**ACTIVITY**. Exactly the lines from the first line of the records to the line holding "0) x (0, 0, -1)" should be duplicated, and nothing more; pictures stay out.

*** AVAILABLE DATA

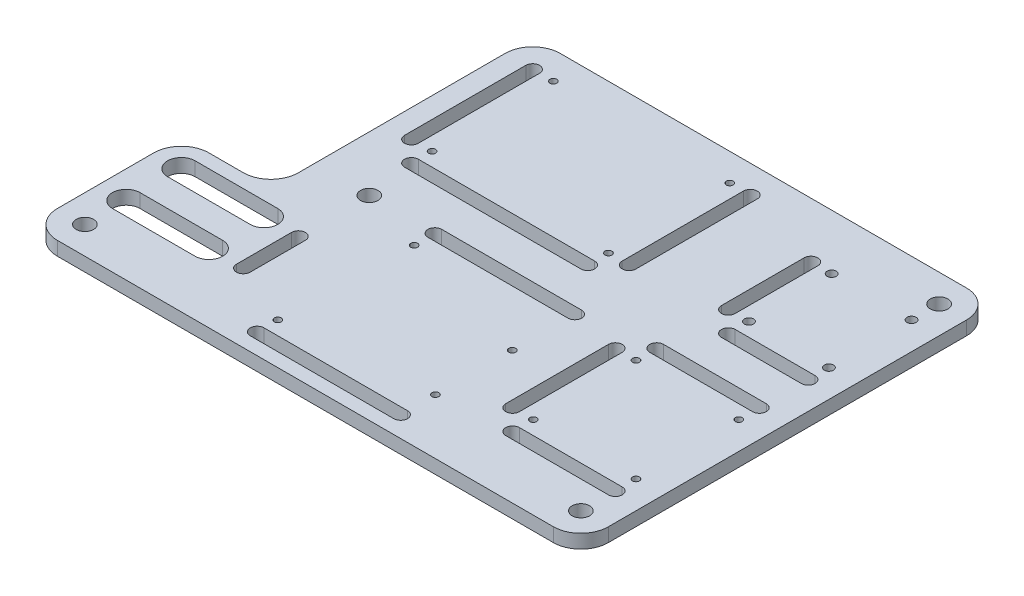
SolidWorks part; units mm, degrees
ref_plane "Front Plane" through (0, 0, 0) normal (0, 0, 1) x (1, 0, 0)
ref_plane "Top Plane" through (0, 0, 0) normal (0, 1, 0) x (1, 0, 0)
ref_plane "Right Plane" through (0, 0, 0) normal (1, 0, 0) x (0, 0, -1)
sketch "Sketch1" plane through (0, 0, 0) normal (0, 1, 0) x (1, 0, 0)
  line L1 (-90, -75) -> (90, -75)
  line L2 (-100, -65) -> (-100, 65)
  line L3 (-90, 75) -> (90, 75)
  line L4 (100, -65) -> (100, 65)
  line L5 (-100, -75) -> (100, 75) construction
  line L6 (-100, 75) -> (100, -75) construction
  arc A0 (90, -75) -> (100, -65) centre (90, -65) ccw
  arc A1 (-90, -75) -> (-100, -65) centre (-90, -65) cw
  arc A2 (-100, 65) -> (-90, 75) centre (-90, 65) cw
  arc A3 (90, 75) -> (100, 65) centre (90, 65) cw
  point P1 (0, 0)
  dimension "D3" = 10
  dimension "D1" = 200
  dimension "D2" = 150
extrude "Boss-Extrude1" add sketch "Sketch1" along normal blind 5 contours L2 A2 L3 A3 L4 A0 L1 A1
hole_wizard "arduino uno holes" positions "Sketch3" profile "Sketch2" tap size "M3x0.5" standard "ANSI Metric" end condition through all
sketch "Sketch3" plane through (0, 5, 0) normal (0, 1, 0) x (1, 0, 0)
  line L0 (-90, -75) -> (90, -75) construction
  line L1 (-100, -65) -> (-100, 65) construction
  point P0 (27.1, -27)
  point P2 (27.1, -54.9)
  point P4 (-23.7, -11.8)
  point P6 (-25, -60)
  dimension "D1" = 27.9
  dimension "D2" = 15.2
  dimension "D3" = 50.8
  dimension "D4" = 1.3
  dimension "D5" = 5.1
  dimension "D6" = 15
  dimension "D7" = 75
sketch "Sketch2" plane through (27.1, 5, 27) normal (1, 0, 0) x (0, 0, 1)
  line L0 (0, 0) -> (0, 5)
  line L1 (0, 5) -> (1.25, 5)
  line L2 (1.25, 5) -> (1.25, 0)
  line L5 (1.25, 0) -> (0, 0)
  line L11 (0, -6.35) -> (0, 107.95) construction
  dimension "Thru Tap Drill Dia." = 2.5
  dimension "Thru Tap Drill Depth" = 5
cosmetic thread "Hole Thread1" parameters "D2"=3
cosmetic thread "Hole Thread2" parameters "D2"=3
cosmetic thread "Hole Thread3" parameters "D2"=3
cosmetic thread "Hole Thread4" parameters "D2"=3
hole_wizard "l298n holes" positions "Sketch16" profile "Sketch17" tap size "M3x0.5" standard "ANSI Metric" end condition through all
sketch "Sketch16" plane through (0, 5, 0) normal (0, 1, 0) x (1, 0, 0)
  line L0 (100, -65) -> (100, 65) construction
  line L1 (-90, -75) -> (90, -75) construction
  point P0 (52.7, -45)
  point P6 (90, -45)
  point P7 (90, -7.7)
  point P8 (52.7, -7.7)
  dimension "D3" = 10
  dimension "D4" = 30
  dimension "D5" = 37.3
  dimension "D6" = 37.3
  dimension "D1" = 2
  dimension "D2" = 2
sketch "Sketch17" plane through (52.7, 5, 45) normal (1, 0, 0) x (0, 0, 1)
  line L0 (0, 0) -> (0, 5)
  line L1 (0, 5) -> (1.25, 5)
  line L2 (1.25, 5) -> (1.25, 0)
  line L5 (1.25, 0) -> (0, 0)
  line L11 (0, -6.35) -> (0, 107.95) construction
  dimension "Thru Tap Drill Dia." = 2.5
  dimension "Thru Tap Drill Depth" = 5
cosmetic thread "Hole Thread25" parameters "D2"=3
cosmetic thread "Hole Thread26" parameters "D2"=3
cosmetic thread "Hole Thread27" parameters "D2"=3
cosmetic thread "Hole Thread28" parameters "D2"=3
hole_wizard "protoboard holes" positions "Sketch20" profile "Sketch21" tap size "M3x0.5" standard "ANSI Metric" end condition through all
sketch "Sketch20" plane through (0, 5, 0) normal (0, 1, 0) x (1, 0, 0)
  line L0 (-90, 75) -> (90, 75) construction
  line L1 (-100, -65) -> (-100, 65) construction
  point P0 (-50, 21)
  point P6 (14, 21)
  point P7 (14, 65)
  point P8 (-50, 65)
  dimension "D3" = 10
  dimension "D4" = 50
  dimension "D5" = 64
  dimension "D6" = 44
  dimension "D1" = 2
  dimension "D2" = 2
sketch "Sketch21" plane through (-50, 5, -21) normal (1, 0, 0) x (0, 0, 1)
  line L0 (0, 0) -> (0, 5)
  line L1 (0, 5) -> (1.25, 5)
  line L2 (1.25, 5) -> (1.25, 0)
  line L5 (1.25, 0) -> (0, 0)
  line L11 (0, -6.35) -> (0, 107.95) construction
  dimension "Thru Tap Drill Dia." = 2.5
  dimension "Thru Tap Drill Depth" = 5
cosmetic thread "Hole Thread37" parameters "D2"=3
cosmetic thread "Hole Thread38" parameters "D2"=3
cosmetic thread "Hole Thread39" parameters "D2"=3
cosmetic thread "Hole Thread40" parameters "D2"=3
hole_wizard "l-bracket holes" positions "Sketch22" profile "Sketch23" tap size "M4x0.7" standard "ANSI Metric" end condition through all
sketch "Sketch22" plane through (0, 5, 0) normal (0, 1, 0) x (1, 0, 0)
  line L0 (-90, 75) -> (90, 75) construction
  line L1 (100, -65) -> (100, 65) construction
  point P12 (61, 55)
  point P19 (90, 55)
  point P20 (90, 25)
  point P21 (61, 25)
  dimension "D1" = 2
  dimension "D2" = 2
  dimension "D3" = 20
  dimension "D4" = 10
sketch "Sketch23" plane through (61, 5, -55) normal (1, 0, 0) x (0, 0, 1)
  line L0 (0, 0) -> (0, 5)
  line L1 (0, 5) -> (1.65, 5)
  line L2 (1.65, 5) -> (1.65, 0)
  line L5 (1.65, 0) -> (0, 0)
  line L11 (0, -6.35) -> (0, 107.95) construction
  dimension "Thru Tap Drill Dia." = 3.3
  dimension "Thru Tap Drill Depth" = 5
cosmetic thread "Hole Thread41" parameters "D2"=4
cosmetic thread "Hole Thread42" parameters "D2"=4
cosmetic thread "Hole Thread43" parameters "D2"=4
cosmetic thread "Hole Thread44" parameters "D2"=4
sketch "Sketch24" plane through (0, 5, 0) normal (0, 1, 0) x (1, 0, 0)
  line L0 (-60, -30) -> (-90, -30) construction
  line L1 (-60, -35) -> (-90, -35)
  line L2 (-60, -25) -> (-90, -25)
  line L3 (-100, -65) -> (-100, 65) construction
  line L4 (-60, -50) -> (-90, -50) construction
  line L5 (-60, -45) -> (-90, -45)
  line L6 (-60, -55) -> (-90, -55)
  line L7 (-90, -75) -> (90, -75) construction
  arc A0 (-60, -35) -> (-60, -25) centre (-60, -30) ccw
  arc A1 (-90, -25) -> (-90, -35) centre (-90, -30) ccw
  arc A2 (-60, -45) -> (-60, -55) centre (-60, -50) cw
  arc A3 (-90, -55) -> (-90, -45) centre (-90, -50) cw
  point P2 (-75, -30)
  point P7 (-95, -30)
  point P8 (-55, -30)
  point P11 (-75, -50)
  dimension "D1" = 10
  dimension "D2" = 40
  dimension "D4" = 20
  dimension "D3" = 5
  dimension "D5" = 10
extrude "power block slots" cut sketch "Sketch24" against normal through all
sketch "Sketch26" plane through (0, 5, 0) normal (0, 1, 0) x (1, 0, 0)
  line L0 (-50, 13.5) -> (14, 13.5) construction
  line L1 (-50, 16) -> (14, 16)
  line L2 (-50, 11) -> (14, 11)
  line L3 (21.5, 65) -> (21.5, 21) construction
  line L4 (24, 65) -> (24, 21)
  line L5 (19, 65) -> (19, 21)
  line L6 (53.5, 55) -> (53.5, 25) construction
  line L7 (56, 55) -> (56, 25)
  line L8 (51, 55) -> (51, 25)
  line L9 (61, 17.5) -> (90, 17.5) construction
  line L10 (61, 20) -> (90, 20)
  line L11 (61, 15) -> (90, 15)
  line L12 (52.7, -0.2) -> (90, -0.2) construction
  line L13 (52.7, 2.3) -> (90, 2.3)
  line L14 (52.7, -2.7) -> (90, -2.7)
  line L15 (45.2, -7.7) -> (45.2, -45) construction
  line L16 (47.7, -7.7) -> (47.7, -45)
  line L17 (42.7, -7.7) -> (42.7, -45)
  line L18 (-25, -67.5) -> (27.1, -67.5) construction
  line L19 (-25, -65) -> (27.1, -65)
  line L20 (-25, -70) -> (27.1, -70)
  line L21 (-47.5, -30) -> (-47.5, -50) construction
  line L22 (-45, -30) -> (-45, -50)
  line L23 (-50, -30) -> (-50, -50)
  line L24 (-23.7, -4.3) -> (27.1, -4.3) construction
  line L25 (-23.7, -1.8) -> (27.1, -1.8)
  line L26 (-23.7, -6.8) -> (27.1, -6.8)
  line L27 (-57.5, 65) -> (-57.5, 21) construction
  line L28 (-55, 65) -> (-55, 21)
  line L29 (-60, 65) -> (-60, 21)
  line L30 (90, -52.5) -> (52.7, -52.5) construction
  line L31 (90, -55) -> (52.7, -55)
  line L32 (90, -50) -> (52.7, -50)
  arc A0 (-50, 16) -> (-50, 11) centre (-50, 13.5) ccw
  arc A1 (14, 11) -> (14, 16) centre (14, 13.5) ccw
  circle A2 centre (14, 21) radius 1.25 construction
  arc A3 (24, 65) -> (19, 65) centre (21.5, 65) ccw
  arc A4 (19, 21) -> (24, 21) centre (21.5, 21) ccw
  arc A5 (56, 55) -> (51, 55) centre (53.5, 55) ccw
  arc A6 (51, 25) -> (56, 25) centre (53.5, 25) ccw
  circle A7 centre (61, 25) radius 1.65 construction
  arc A8 (61, 20) -> (61, 15) centre (61, 17.5) ccw
  arc A9 (90, 15) -> (90, 20) centre (90, 17.5) ccw
  circle A10 centre (90, 25) radius 1.65 construction
  arc A11 (52.7, 2.3) -> (52.7, -2.7) centre (52.7, -0.2) ccw
  arc A12 (90, -2.7) -> (90, 2.3) centre (90, -0.2) ccw
  arc A13 (47.7, -7.7) -> (42.7, -7.7) centre (45.2, -7.7) ccw
  arc A14 (42.7, -45) -> (47.7, -45) centre (45.2, -45) ccw
  circle A15 centre (52.7, -45) radius 1.25 construction
  arc A16 (-25, -65) -> (-25, -70) centre (-25, -67.5) ccw
  arc A17 (27.1, -70) -> (27.1, -65) centre (27.1, -67.5) ccw
  arc A18 (-45, -30) -> (-50, -30) centre (-47.5, -30) ccw
  arc A19 (-50, -50) -> (-45, -50) centre (-47.5, -50) ccw
  circle A20 centre (-25, -60) radius 1.25 construction
  arc A21 (-60, -35) -> (-60, -25) centre (-60, -30) ccw construction
  circle A22 centre (-23.7, -11.8) radius 1.25 construction
  arc A23 (-55, 65) -> (-60, 65) centre (-57.5, 65) ccw
  arc A24 (-60, 21) -> (-55, 21) centre (-57.5, 21) ccw
  circle A25 centre (52.7, -7.7) radius 1.25 construction
  arc A26 (-23.7, -1.8) -> (-23.7, -6.8) centre (-23.7, -4.3) ccw
  arc A27 (27.1, -6.8) -> (27.1, -1.8) centre (27.1, -4.3) ccw
  circle A28 centre (-50, 21) radius 1.25 construction
  arc A29 (90, -55) -> (90, -50) centre (90, -52.5) ccw
  arc A30 (52.7, -50) -> (52.7, -55) centre (52.7, -52.5) ccw
  circle A31 centre (90, -45) radius 1.25 construction
  point P2 (-18, 13.5)
  point P11 (21.5, 43)
  point P18 (53.5, 40)
  point P27 (75.5, 17.5)
  point P36 (71.35, -0.2)
  point P41 (45.2, -26.35)
  point P52 (1.05, -67.5)
  point P59 (-47.5, -40)
  point P72 (1.7, -4.3)
  point P80 (-55, -30)
  point P83 (-57.5, 43)
  point P92 (71.35, -52.5)
  dimension "D1" = 5
  dimension "D2" = 5
  dimension "D3" = 5
  dimension "D4" = 5
  dimension "D5" = 5
  dimension "D6" = 5
  dimension "D7" = 5
  dimension "D8" = 5
  dimension "D9" = 5
  dimension "D10" = 5
  dimension "D11" = 5
  dimension "D12" = 5
  dimension "D15" = 5
  dimension "D16" = 5
  dimension "D17" = 5
  dimension "D18" = 5
  dimension "D13" = 5
  dimension "D14" = 5
  dimension "D19" = 5
  dimension "D20" = 5
  dimension "D21" = 5
  dimension "D22" = 5
extrude "cable management slots" cut sketch "Sketch26" against normal through all
sketch "Sketch27" plane through (0, 5, 0) normal (0, 1, 0) x (1, 0, 0)
  line L0 (-67.5, 65) -> (-67.5, -10)
  line L1 (-77.5, -20) -> (-90, -20)
  line L2 (-57.5, 75) -> (-90, 75)
  line L3 (-100, -65) -> (-100, 65) construction
  line L4 (-100, -30) -> (-100, 65)
  circle A0 centre (-57.5, 65) radius 10
  circle A1 centre (-90, -30) radius 10
  arc A2 (-67.5, -10) -> (-77.5, -20) centre (-77.5, -10) cw
  arc A3 (-90, 75) -> (-100, 65) centre (-90, 65) ccw construction
  arc A4 (-90, 75) -> (-100, 65) centre (-90, 65) ccw
  dimension "D1" = 10
extrude "Cut-Extrude3" cut sketch "Sketch27" against normal blind 10 contours L2 A4 L4 A1 L1 A2 L0 A0 region at (-83.7189, 5, -27.4689)
hole_wizard "wall-mounting holes" positions "Sketch28" profile "Sketch29" hole size "1/4" standard "ANSI Inch" end condition through all
sketch "Sketch28" plane through (0, 5, 0) normal (0, 1, 0) x (1, 0, 0)
  point P0 (-90, -65)
  point P3 (90, -65)
  point P6 (90, 65)
  point P9 (-47.5, -4.3)
sketch "Sketch29" plane through (-90, 5, 65) normal (1, 0, 0) x (0, 0, 1)
  line L0 (0, 0) -> (0, 5)
  line L1 (0, 5) -> (3.175, 5)
  line L2 (3.175, 5) -> (3.175, 0)
  line L5 (3.175, 0) -> (0, 0)
  line L11 (0, -6.35) -> (0, 107.95) construction
  dimension "Thru Hole Dia." = 6.35
  dimension "Thru Hole Depth" = 5
equation "\"w\"= 200"
equation "\"D1@Sketch1\"=\"w\""
equation "\"h\"= 150"
equation "\"D2@Sketch1\"=\"h\""
equation "\"th\"=5"
equation "\"D1@Boss-Extrude1\"=\"th\""
equation "\"D5@Sketch16\"=\"D6@Sketch16\""
equation "\"slot_w\"= 5"
equation "\"D11@Sketch26\"=\"slot_w\""
equation "\"D9@Sketch26\"=\"slot_w\""
equation "\"D5@Sketch26\"=\"slot_w\""
equation "\"D7@Sketch26\"=\"slot_w\""
equation "\"D2@Sketch26\"=\"slot_w\""
equation "\"D3@Sketch26\"=\"slot_w\""
equation "\"D15@Sketch26\"=\"slot_w\""
equation "\"D17@Sketch26\"=\"slot_w\""
equation "\"slot_dist\"= 5"
equation "\"D18@Sketch26\"=\"slot_dist\""
equation "\"D12@Sketch26\"=\"slot_dist\""
equation "\"D10@Sketch26\"=\"slot_dist\""
equation "\"D16@Sketch26\"=\"slot_dist\""
equation "\"D8@Sketch26\"=\"slot_dist\""
equation "\"D6@Sketch26\"=\"slot_dist\""
equation "\"D4@Sketch26\"=\"slot_dist\""
equation "\"D1@Sketch26\"=\"slot_dist\""
equation "\"D14@Sketch26\"=\"slot_dist\""
equation "\"D13@Sketch26\"=\"slot_w\""
equation "\"D19@Sketch26\"=\"slot_w\""
equation "\"D20@Sketch26\"=\"slot_dist\""
equation "\"D21@Sketch26\"=\"slot_w\""
equation "\"D22@Sketch26\"=\"slot_dist\""

******

**RESULT**.
SolidWorks part; units mm, degrees
ref_plane "Front Plane" through (0, 0, 0) normal (0, 0, 1) x (1, 0, 0)
ref_plane "Top Plane" through (0, 0, 0) normal (0, 1, 0) x (1, 0, 0)
ref_plane "Right Plane" through (0, 0, 0) normal (1, 0, 0) x (0, 0, -1)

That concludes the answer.